La tímida luz del crepúsculo se filtraba por las ventanas de la taberna, anunciando la despedida del sol hasta el año venidero. A pesar de que era temprano, la noche invernal llegaba cuando en primavera todavía habría luz del día, la excusa perfecta para empezar las celebraciones.
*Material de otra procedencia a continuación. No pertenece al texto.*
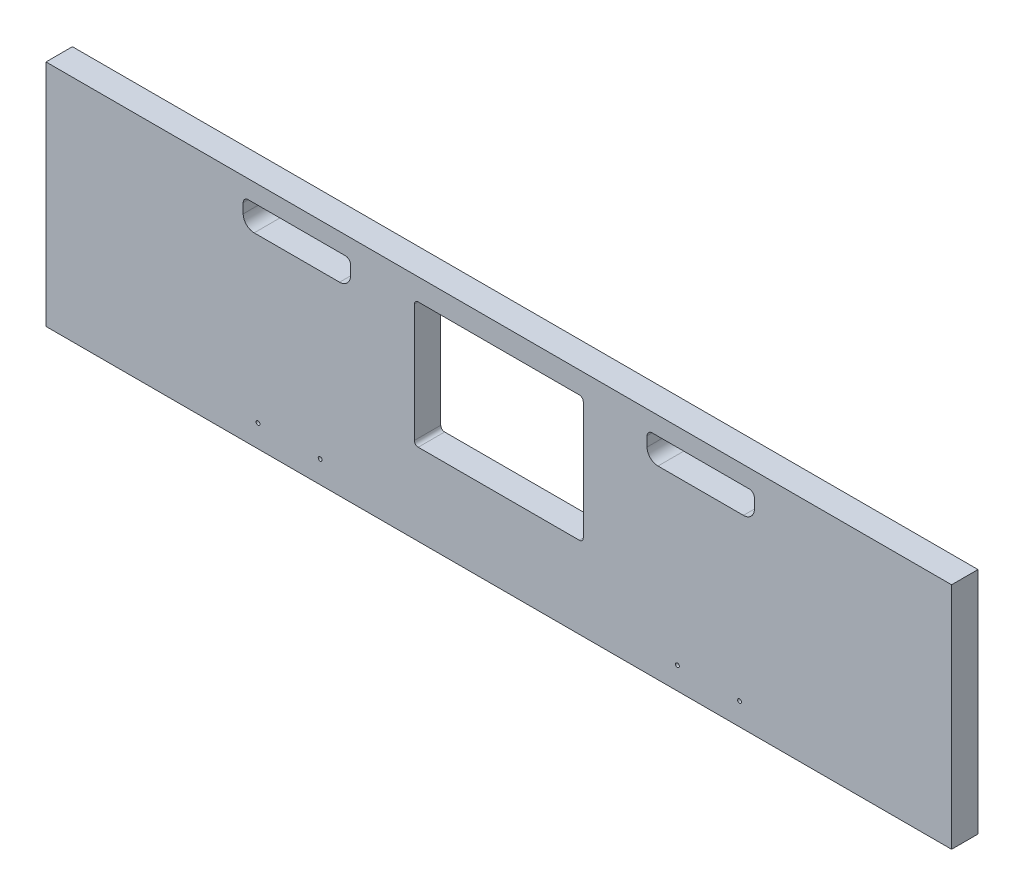
ISO-10303-21;
HEADER;
FILE_DESCRIPTION(('STEP AP214'),'2;1');
FILE_NAME('part.step','',(''),(''),'','','');
FILE_SCHEMA(('AUTOMOTIVE_DESIGN { 1 0 10303 214 1 1 1 1 }'));
ENDSEC;
DATA;
#1=APPLICATION_CONTEXT('core data for automotive mechanical design processes');
#2=APPLICATION_PROTOCOL_DEFINITION('international standard','automotive_design',2000,#1);
#3=PRODUCT_CONTEXT('',#1,'mechanical');
#4=PRODUCT('Part','Part','',(#3));
#5=PRODUCT_RELATED_PRODUCT_CATEGORY('part','',(#4));
#6=PRODUCT_DEFINITION_FORMATION('','',#4);
#7=PRODUCT_DEFINITION_CONTEXT('part definition',#1,'design');
#8=PRODUCT_DEFINITION('design','',#6,#7);
#9=PRODUCT_DEFINITION_SHAPE('','',#8);
#10=(LENGTH_UNIT() NAMED_UNIT(*) SI_UNIT(.MILLI.,.METRE.));
#11=(NAMED_UNIT(*) PLANE_ANGLE_UNIT() SI_UNIT($,.RADIAN.));
#12=(NAMED_UNIT(*) SI_UNIT($,.STERADIAN.) SOLID_ANGLE_UNIT());
#13=UNCERTAINTY_MEASURE_WITH_UNIT(LENGTH_MEASURE(1.E-05),#10,'distance_accuracy_value','');
#14=(GEOMETRIC_REPRESENTATION_CONTEXT(3) GLOBAL_UNCERTAINTY_ASSIGNED_CONTEXT((#13)) GLOBAL_UNIT_ASSIGNED_CONTEXT((#10,
#11,#12)) REPRESENTATION_CONTEXT('',''));
#15=CARTESIAN_POINT('',(0.,0.,0.));
#16=DIRECTION('',(0.,0.,1.));
#17=DIRECTION('',(1.,0.,0.));
#18=AXIS2_PLACEMENT_3D('',#15,#16,#17);
#19=CARTESIAN_POINT('',(-603.25,-5502.275,-21.59));
#20=DIRECTION('',(0.,-1.,0.));
#21=DIRECTION('',(0.,0.,-1.));
#22=AXIS2_PLACEMENT_3D('',#19,#20,#21);
#23=PLANE('',#22);
#24=DIRECTION('',(1.,0.,0.));
#25=VECTOR('',#24,1.);
#26=CARTESIAN_POINT('',(-603.25,-5502.275,0.));
#27=LINE('',#26,#25);
#28=CARTESIAN_POINT('',(-603.25,-5502.275,0.));
#29=VERTEX_POINT('',#28);
#30=CARTESIAN_POINT('',(137.16,-5502.275,0.));
#31=VERTEX_POINT('',#30);
#32=EDGE_CURVE('E382',#29,#31,#27,.T.);
#33=ORIENTED_EDGE('',*,*,#32,.F.);
#34=DIRECTION('',(0.,0.,1.));
#35=VECTOR('',#34,1.);
#36=CARTESIAN_POINT('',(-603.25,-5502.275,-21.59));
#37=LINE('',#36,#35);
#38=CARTESIAN_POINT('',(-603.25,-5502.275,-21.59));
#39=VERTEX_POINT('',#38);
#40=EDGE_CURVE('E11',#39,#29,#37,.T.);
#41=ORIENTED_EDGE('',*,*,#40,.F.);
#42=DIRECTION('',(1.,0.,0.));
#43=VECTOR('',#42,1.);
#44=CARTESIAN_POINT('',(-603.25,-5502.275,-21.59));
#45=LINE('',#44,#43);
#46=CARTESIAN_POINT('',(137.16,-5502.275,-21.59));
#47=VERTEX_POINT('',#46);
#48=EDGE_CURVE('E383',#39,#47,#45,.T.);
#49=ORIENTED_EDGE('',*,*,#48,.T.);
#50=DIRECTION('',(0.,0.,1.));
#51=VECTOR('',#50,1.);
#52=CARTESIAN_POINT('',(137.16,-5502.275,-21.59));
#53=LINE('',#52,#51);
#54=EDGE_CURVE('E34',#47,#31,#53,.T.);
#55=ORIENTED_EDGE('',*,*,#54,.T.);
#56=EDGE_LOOP('',(#33,#41,#49,#55));
#57=FACE_BOUND('',#56,.T.);
#58=ADVANCED_FACE('F31',(#57),#23,.T.);
#59=CARTESIAN_POINT('',(-603.25,-5314.95,-21.59));
#60=DIRECTION('',(-1.,0.,0.));
#61=DIRECTION('',(0.,0.,1.));
#62=AXIS2_PLACEMENT_3D('',#59,#60,#61);
#63=PLANE('',#62);
#64=DIRECTION('',(0.,-1.,0.));
#65=VECTOR('',#64,1.);
#66=CARTESIAN_POINT('',(-603.25,-5314.95,0.));
#67=LINE('',#66,#65);
#68=CARTESIAN_POINT('',(-603.25,-5314.95,0.));
#69=VERTEX_POINT('',#68);
#70=EDGE_CURVE('E387',#69,#29,#67,.T.);
#71=ORIENTED_EDGE('',*,*,#70,.F.);
#72=DIRECTION('',(0.,0.,1.));
#73=VECTOR('',#72,1.);
#74=CARTESIAN_POINT('',(-603.25,-5314.95,-21.59));
#75=LINE('',#74,#73);
#76=CARTESIAN_POINT('',(-603.25,-5314.95,-21.59));
#77=VERTEX_POINT('',#76);
#78=EDGE_CURVE('E39',#77,#69,#75,.T.);
#79=ORIENTED_EDGE('',*,*,#78,.F.);
#80=DIRECTION('',(0.,-1.,0.));
#81=VECTOR('',#80,1.);
#82=CARTESIAN_POINT('',(-603.25,-5314.95,-21.59));
#83=LINE('',#82,#81);
#84=EDGE_CURVE('E393',#77,#39,#83,.T.);
#85=ORIENTED_EDGE('',*,*,#84,.T.);
#86=ORIENTED_EDGE('',*,*,#40,.T.);
#87=EDGE_LOOP('',(#71,#79,#85,#86));
#88=FACE_BOUND('',#87,.T.);
#89=ADVANCED_FACE('F418',(#88),#63,.T.);
#90=CARTESIAN_POINT('',(137.16,-5314.95,-21.59));
#91=DIRECTION('',(0.,1.,0.));
#92=DIRECTION('',(0.,0.,1.));
#93=AXIS2_PLACEMENT_3D('',#90,#91,#92);
#94=PLANE('',#93);
#95=DIRECTION('',(-1.,0.,0.));
#96=VECTOR('',#95,1.);
#97=CARTESIAN_POINT('',(137.16,-5314.95,0.));
#98=LINE('',#97,#96);
#99=CARTESIAN_POINT('',(137.16,-5314.95,0.));
#100=VERTEX_POINT('',#99);
#101=EDGE_CURVE('E401',#100,#69,#98,.T.);
#102=ORIENTED_EDGE('',*,*,#101,.F.);
#103=DIRECTION('',(0.,0.,1.));
#104=VECTOR('',#103,1.);
#105=CARTESIAN_POINT('',(137.16,-5314.95,-21.59));
#106=LINE('',#105,#104);
#107=CARTESIAN_POINT('',(137.16,-5314.95,-21.59));
#108=VERTEX_POINT('',#107);
#109=EDGE_CURVE('E406',#108,#100,#106,.T.);
#110=ORIENTED_EDGE('',*,*,#109,.F.);
#111=DIRECTION('',(-1.,0.,0.));
#112=VECTOR('',#111,1.);
#113=CARTESIAN_POINT('',(137.16,-5314.95,-21.59));
#114=LINE('',#113,#112);
#115=EDGE_CURVE('E390',#108,#77,#114,.T.);
#116=ORIENTED_EDGE('',*,*,#115,.T.);
#117=ORIENTED_EDGE('',*,*,#78,.T.);
#118=EDGE_LOOP('',(#102,#110,#116,#117));
#119=FACE_BOUND('',#118,.T.);
#120=ADVANCED_FACE('F424',(#119),#94,.T.);
#121=CARTESIAN_POINT('',(137.16,-5502.275,-21.59));
#122=DIRECTION('',(1.,0.,0.));
#123=DIRECTION('',(0.,0.,-1.));
#124=AXIS2_PLACEMENT_3D('',#121,#122,#123);
#125=PLANE('',#124);
#126=DIRECTION('',(0.,1.,0.));
#127=VECTOR('',#126,1.);
#128=CARTESIAN_POINT('',(137.16,-5502.275,0.));
#129=LINE('',#128,#127);
#130=EDGE_CURVE('E398',#31,#100,#129,.T.);
#131=ORIENTED_EDGE('',*,*,#130,.F.);
#132=ORIENTED_EDGE('',*,*,#54,.F.);
#133=DIRECTION('',(0.,1.,0.));
#134=VECTOR('',#133,1.);
#135=CARTESIAN_POINT('',(137.16,-5502.275,-21.59));
#136=LINE('',#135,#134);
#137=EDGE_CURVE('E386',#47,#108,#136,.T.);
#138=ORIENTED_EDGE('',*,*,#137,.T.);
#139=ORIENTED_EDGE('',*,*,#109,.T.);
#140=EDGE_LOOP('',(#131,#132,#138,#139));
#141=FACE_BOUND('',#140,.T.);
#142=ADVANCED_FACE('F414',(#141),#125,.T.);
#143=CARTESIAN_POINT('',(137.16,-5502.275,-21.59));
#144=DIRECTION('',(0.,0.,1.));
#145=DIRECTION('',(1.,0.,0.));
#146=AXIS2_PLACEMENT_3D('',#143,#144,#145);
#147=PLANE('',#146);
#148=CARTESIAN_POINT('',(-36.195,-5484.0124,-21.59));
#149=DIRECTION('',(0.,0.,1.));
#150=DIRECTION('',(1.,0.,0.));
#151=AXIS2_PLACEMENT_3D('',#148,#149,#150);
#152=CIRCLE('',#151,1.58749999999976);
#153=CARTESIAN_POINT('',(-34.6075000000002,-5484.0124,-21.59));
#154=VERTEX_POINT('',#153);
#155=EDGE_CURVE('E749',#154,#154,#152,.F.);
#156=ORIENTED_EDGE('',*,*,#155,.F.);
#157=EDGE_LOOP('',(#156));
#158=FACE_BOUND('',#157,.T.);
#159=CARTESIAN_POINT('',(-86.995,-5484.0124,-21.59));
#160=DIRECTION('',(0.,0.,1.));
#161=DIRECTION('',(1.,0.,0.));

Era Fin de Año una vez más. Los brindis y felicitaciones perdían coherencia conforme se vaciaban las jarras de cerveza y se reemplazaban por otras. Algunas comandas incluían aperitivos y meriendas para compensar la graduación de alcohol de los pedidos. El olor de las salchichas y el estofado caliente calentaba los corazones de la gente, y el tabernero devolvía las sonrisas de sus festivos clientes.

A pesar de que el oficio le impedía unirse a la fiesta, la felicidad a su alrededor mantenía sus ánimos a flote en una de las noches más complicadas para el negocio. Lo agradecía pues, en tiempos tan aciagos, toda jovialidad era bienvenida.

En un momento, a pesar del barullo de cantinelas y risas ebrias, el entrenado tabernero avistó unas gotas de cerveza que no acabaron en un sediento gaznate. La jarra de un conocido derramaba su contenido sobre la madera pegajosa de la barra, manchando tanto el suelo como el cabello de dicho muchacho.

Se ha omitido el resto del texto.